POST INCORPORATION CHANGES

Can an LO change its Existing Name?

When an LO wants to change its name, it must apply to the AD bank. The AD bank may approve the name change under the following conditions:

  1. The foreign entity changes its name without altering its ownership.
  2. The application includes a board resolution for the name change, along with a certificate or document from the Registrar of Companies (ROC) in India confirming the change.
  3. The name change of the LO must be reported to the Foreign Exchange Department, CO Cell, New Delhi.

If the name change is due to an acquisition or merger that involves a change in ownership, the new or acquired entity must apply for a new LO and close the existing one. It’s important to note that approvals granted by the RBI or AD bank are based on a detailed review of guidelines and Foreign Direct Investment (FDI) policies, so approvals given to one foreign entity cannot be transferred to another.

Can a LO donate its assets in India?

An LO can donate its assets, such as old furniture, vehicles, computers, and other office items, to NGOs or not-for-profit organizations, but this requires approval from the AD) bank. The AD bank will approve the donation only after ensuring that the transaction is legitimate.

Can an AD bank allow term deposits accounts for an LO?

An AD bank can approve a term deposit account for an LO of a foreign entity, with a maximum duration of 6 months. This approval is granted only if the AD bank is satisfied with the following conditions:

  1. The term deposit is made using temporary surplus funds.
  2. The LO provides an undertaking that the maturity proceeds of the deposit will be used for its business activities in India within 3 months of the deposit’s maturity.

However, this facility is not available for shipping or airline companies.

AMLEGALS REMARKS

Setting up an LO in India is a strategic option for foreign companies looking to explore business opportunities, build partnerships, and establish a presence in the Indian market without engaging in commercial activities.
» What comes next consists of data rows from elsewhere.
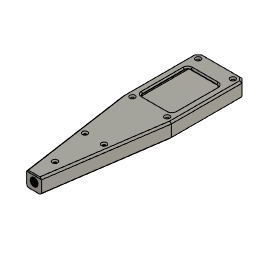
NFCTapHandle v7 (Autodesk Fusion 360 design; units mm, degrees)
Autodesk Fusion 360 part; units mm, degrees
sketch "Sketch1" plane through (0, 0, 0) normal (0, 0, 1) x (1, 0, 0)
  line L0 (0, 0) -> (47.55, 0) construction
  line L1 (47.55, 0) -> (47.55, 84.6) construction
  line L2 (47.55, 84.6) -> (0, 84.6) construction
  line L3 (0, 84.6) -> (0, 0) construction
  line L4 (3, 3) -> (44.55, 3) construction
  line L5 (44.55, 3) -> (44.55, 81.6) construction
  line L6 (44.55, 81.6) -> (3, 81.6) construction
  line L7 (3, 81.6) -> (3, 3) construction
  circle A0 centre (3, 81.6) radius 1.5
  circle A1 centre (44.55, 81.6) radius 1.5
  circle A2 centre (3, 3) radius 1.5
  circle A3 centre (44.55, 3) radius 1.5
  line L8 (4.275, 67.85) -> (43.275, 67.85)
  line L9 (43.275, 67.85) -> (43.275, 9.85)
  line L10 (43.275, 9.85) -> (4.275, 9.85)
  line L11 (4.275, 9.85) -> (4.275, 67.85)
  line L12 (23.775, 84.6) -> (23.775, 0) construction
  line L13 (23.775, 67.85) -> (23.775, 9.85) construction
  line L14 (-5, 84.6) -> (52.55, 84.6) construction
  line L15 (23.775, 84.6) -> (23.775, -135.4) construction
  line L16 (52.55, 84.6) -> (52.55, 0)
  line L17 (52.55, 0) -> (32.775, -135.4)
  line L18 (32.775, -135.4) -> (14.775, -135.4)
  line L19 (14.775, -135.4) -> (-5, 0)
  line L20 (-5, 0) -> (-5, 84.6)
  line L21 (-5, 84.6) -> (0, 89.6)
  line L22 (0, 89.6) -> (47.55, 89.6)
  line L23 (47.55, 89.6) -> (52.55, 84.6)
  line L24 (-0.2, -0.2) -> (47.75, -0.2)
  line L25 (47.75, -0.2) -> (47.75, 84.8)
  line L26 (47.75, 84.8) -> (-0.2, 84.8)
  line L27 (-0.2, 84.8) -> (-0.2, -0.2)
  line L28 (-0.2, 5.5) -> (47.75, 5.5)
  line L29 (-0.2, 79.1) -> (47.75, 79.1)
  line L30 (44.634, 1.1561) -> (25.8585, -127.4) construction
  line L31 (25.8585, -127.4) -> (21.6915, -127.4) construction
  line L32 (21.6915, -127.4) -> (2.916, 1.1561) construction
  circle A4 centre (12.3038, -63.1219) radius 1.5
  circle A5 centre (35.2462, -63.1219) radius 1.5
  circle A6 centre (23.775, -110.4) radius 1.5
  circle A7 centre (3, 81.6) radius 1.6
  circle A8 centre (44.55, 81.6) radius 1.6
  circle A9 centre (3, 3) radius 1.6
  circle A10 centre (23.775, -110.4) radius 1.6
  circle A11 centre (12.3038, -63.1219) radius 1.6
  circle A12 centre (35.2462, -63.1219) radius 1.6
  circle A13 centre (44.55, 3) radius 1.6
  dimension "d1" = 47.55
  dimension "d2" = 84.6
  dimension "d3" = -3
  dimension "d4" = 3
  dimension "d5" = 3
  dimension "d6" = 3
  dimension "d7" = 3
  dimension "d8" = 39
  dimension "d9" = 58
  dimension "d11" = 220
  dimension "d14" = 5
  dimension "d16" = 18
  dimension "d17" = 5
  dimension "d19" = 45
  dimension "d20" = 0.2
  dimension "d22" = 5.5
  dimension "d23" = 5.5
  dimension "d24" = 8
  dimension "d25" = 3
  dimension "d26" = 3
  dimension "d27" = 3
  dimension "d28" = 25
  dimension "d29" = 3.2
  dimension "d30" = 3.2
  dimension "d31" = 3.2
  dimension "d32" = 3.2
  dimension "d33" = 3.2
  dimension "d34" = 3.2
  dimension "d35" = 3.2
  dimension "d59" = 10.05
  constraint horizontal L0
  constraint vertical L1
  constraint horizontal L2
  constraint vertical L3
  constraint coincident L0.start L3.end
  constraint coincident L6.end L7.start
  constraint coincident L5.end L6.start
  constraint coincident L4.start L7.end
  constraint coincident L4.end L5.start
  constraint horizontal L8
  constraint vertical L9
  constraint horizontal L10
  constraint vertical L11
  constraint midpoint L2 L12.start
  constraint midpoint L0 L12.end
  constraint midpoint L8 L13.start
  constraint midpoint L10 L13.end
  constraint collinear L12 L13
  constraint parallel L2 L14
  constraint midpoint L14 L12.start
  constraint perpendicular L10 L15
  constraint collinear L12 L15
  constraint perpendicular L14 L16
  constraint perpendicular L14 L20
  constraint equal L17 L19
  constraint midpoint L15.end L18
  constraint perpendicular L15 L18
  constraint perpendicular L20 L22
  constraint equal L21 L23
  constraint horizontal L0.end L16.end
  constraint collinear L2 L14
  constraint coincident L27 L28.start
  constraint coincident L25 L28.end
  constraint perpendicular L25 L28
  constraint coincident L27 L29.start
  constraint perpendicular L16 L29
  constraint midpoint L32 A4.centre
  constraint midpoint L30 A5.centre
  constraint coincident L15 A6.centre
  constraint concentric A0 A7
  constraint concentric A1 A8
  constraint concentric A2 A9
  constraint concentric A6 A10
  constraint concentric A4 A11
  constraint concentric A5 A12
  constraint concentric A3 A13
  measures "d1" distance of L0.start L0.end
  measures "d2" distance of L0.start L2.end
  measures "d4" diameter of A0
  measures "d5" diameter of A1
  measures "d6" diameter of A2
  measures "d7" diameter of A3
  measures "d8" distance of L8.start L8.end
  measures "d9" distance of L8.start L10.end
  measures "d11" distance of L12.start L15.end
  measures "d14" distance of L1 L16
  measures "d16" distance of L17.end L18.end
  measures "d17" distance of L14 L22
  measures "d19" angle of L14 L23
  measures "d22" distance of L0 L28
  measures "d23" distance of L14 L29
  measures "d25" diameter of A4
  measures "d26" diameter of A5
  measures "d27" diameter of A6
  measures "d28" distance of L18 A6.centre
  measures "d29" diameter of A7
  measures "d30" diameter of A8
  measures "d31" diameter of A9
  measures "d32" diameter of A10
  measures "d33" diameter of A11
  measures "d34" diameter of A12
  measures "d35" diameter of A13
  measures "d59" distance of L10 L24
extrude "Extrude1" add sketch "Sketch1" along normal blind 2 contours L16 L17 L18 L19 L20 L21 L22 L23 | L24 L25 L27 L28 | L25 L27 L28 L29 | L25 L26 L27 L29 makes body 1
chamfer "Chamfer1" distance 1.5 angle 45 7 edges at (1.5083, 82.1786, 2) (1.5083, 3.5786, 2) (10.812, -62.5434, 2) (33.7545, -62.5434, 2) (22.2833, -109.8214, 2) (43.0583, 3.5786, 2) (43.0583, 82.1786, 2) on bodies 1
fillet "Fillet1" radius 4 4 edges at (4.275, 67.85, 1) (4.275, 9.85, 1) (43.275, 9.85, 1) (43.275, 67.85, 1) on bodies 1
chamfer "Chamfer2" distance 1.5 angle 45 8 edges at (4.275, 38.85, 2) (5.4466, 66.6784, 2) (23.775, 67.85, 2) (42.1034, 66.6784, 2) (43.275, 38.85, 2) (42.1034, 11.0216, 2) (23.775, 9.85, 2) (5.4466, 11.0216, 2) on bodies 1
extrude "Extrude6" add sketch "Sketch1" against normal blind 1.2 contours L24 L25 L27 L28 | L25 L26 L27 L29 bodies 1
chamfer "Chamfer5" distance 0.5 angle 45 8 edges at (47.75, 2.65, -1.2) (23.775, -0.2, -1.2) (23.775, 5.5, -1.2) (-0.2, 2.65, -1.2) (23.775, 79.1, -1.2) (47.75, 81.95, -1.2) (23.775, 84.8, -1.2) (-0.2, 81.95, -1.2) on bodies 1
extrude "Extrude2" add sketch "Sketch1" against normal blind 6 separate body contours L16 L17 L18 L19 L20 L21 L22 L23 makes body 2
extrude "Extrude3" add sketch "Sketch1" against normal blind 3.2 from surface at -2.8 contours L24 L25 L27 L28 | L25 L26 L27 L29 | A7 | A8 | A9 | A13 bodies 2
extrude "Extrude4" add sketch "Sketch1" against normal blind 10 from surface at -6 contours A0 | A1 | A2 | A3 | L8 L9 L10 L11 | L16 L17 L18 L19 L20 L21 L22 L23 | L24 L25 L27 L28 | L25 L27 L28 L29 | L25 L26 L27 L29 | A4 | A5 | A6 | A7 | A8 | A9 | A10 | A11 | A12 | A13 bodies 2
sketch "Sketch2" plane through (0, -135.4, 0) normal (0, -1, 0) x (1, 0, 0)
  line L0 (32.775, 0) -> (14.775, 0)
  line L1 (14.775, 0) -> (14.775, -16)
  line L2 (14.775, -16) -> (32.775, -16)
  line L3 (32.775, -16) -> (32.775, 0)
  line L4 (14.775, 0) -> (14.775, -16)
  line L5 (14.775, 0) -> (14.775, 2)
  line L6 (14.775, 2) -> (32.775, 2)
  line L7 (32.775, 0) -> (32.775, 2)
  line L8 (32.775, 0) -> (32.775, -16)
  line L9 (32.775, -16) -> (14.775, -16)
  line L10 (23.775, 2) -> (23.775, -16) construction
  circle A0 centre (23.775, -7) radius 4.7625
  dimension "d51" = 9.525
  constraint midpoint L6 L10.start
  constraint midpoint L9 L10.end
  constraint midpoint L10 A0.centre
  measures "d51" diameter of A0
chamfer "Chamfer3" distance 2 angle 45 7 edges at (42.6625, -67.7, -16) (52.55, 42.3, -16) (4.8875, -67.7, -16) (-5, 42.3, -16) (-2.5, 87.1, -16) (23.775, 89.6, -16) (50.05, 87.1, -16) on bodies 2
chamfer "Chamfer4" distance 2 angle 45 7 edges at (4.8875, -67.7, 2) (-5, 42.3, 2) (42.6625, -67.7, 2) (52.55, 42.3, 2) (-2.5, 87.1, 2) (23.775, 89.6, 2) (50.05, 87.1, 2) on bodies 1
thread "Thread1" "ISO Metric profile 3.0 M3x0.5 6H" major diameter 3.086 minor diameter 2.529 pitch 0.5 angle 60 modelled right hand crest width 0.1368 on face at (1.5905, 82.113, -4.9333) crest through (4.2645, 81.6, -2.925) on bodies 2
thread "Thread2" "ISO Metric profile 3.0 M3x0.5 6H" major diameter 3.086 minor diameter 2.529 pitch 0.5 angle 60 modelled right hand crest width 0.1368 on face at (46.0036, 81.9701, -4.9333) crest through (45.8145, 81.6, -2.925) on bodies 2
thread "Thread3" "ISO Metric profile 3.0 M3x0.5 6H" major diameter 3.086 minor diameter 2.529 pitch 0.5 angle 60 modelled right hand crest width 0.1368 on face at (4.4925, 2.8506, -3.8667) crest through (4.2645, 3, -2.925) on bodies 2
thread "Thread4" "ISO Metric profile 3.0 M3x0.5 6H" major diameter 3.086 minor diameter 2.529 pitch 0.5 angle 60 modelled right hand crest width 0.1368 on face at (46.0425, 2.8506, -3.8667) crest through (45.8145, 3, -2.925) on bodies 2
thread "Thread5" "ISO Metric profile 3.0 M3x0.5 6H" major diameter 3.086 minor diameter 2.529 pitch 0.5 angle 60 modelled right hand crest width 0.1368 on face at (11.2451, -64.3216, -4) crest through (13.5683, -63.1219, -0.125) on bodies 2
thread "Thread6" "ISO Metric profile 3.0 M3x0.5 6H" major diameter 3.086 minor diameter 2.529 pitch 0.5 angle 60 modelled right hand crest width 0.1368 on face at (34.1876, -64.3216, -4) crest through (36.5107, -63.1219, -0.125) on bodies 2
thread "Thread7" "ISO Metric profile 3.0 M3x0.5 6H" major diameter 3.086 minor diameter 2.529 pitch 0.5 angle 60 modelled right hand crest width 0.1368 on face at (22.3698, -111.1652, -4) crest through (25.0395, -110.4, -0.125) on bodies 2
extrude "Extrude5" cut sketch "Sketch2" against normal blind 20 contours A0 bodies 2
thread "Thread8" "ANSI Unified Screw Threads 0.375 3/8-24 UNF 3B" major diameter 9.525 minor diameter 8.4734 pitch 1.0583 angle 60 modelled right hand crest width 0.2916 on face at (28.5316, -122.0667, -7.2374) crest through (28.0117, -135.1354, -7) on bodies 2
named bodies: "Cover", "Body"

Governed by FEMA regulations and RBI guidelines, an LO serves as a communication channel between the parent company and Indian entities while operating strictly within the scope of market research, promotional activities, and coordination services.

While the approval process is relatively straightforward, businesses must ensure compliance with financial eligibility criteria, banking regulations, tax obligations, and annual reporting requirements. Proper adherence to regulatory norms, timely filings, and operational transparency will facilitate smooth functioning and avoid legal or financial complications.

For foreign entities looking to assess the Indian market before full-scale investment, an LO acts as a low-risk entry strategy, helping them establish credibility and long-term business potential in India.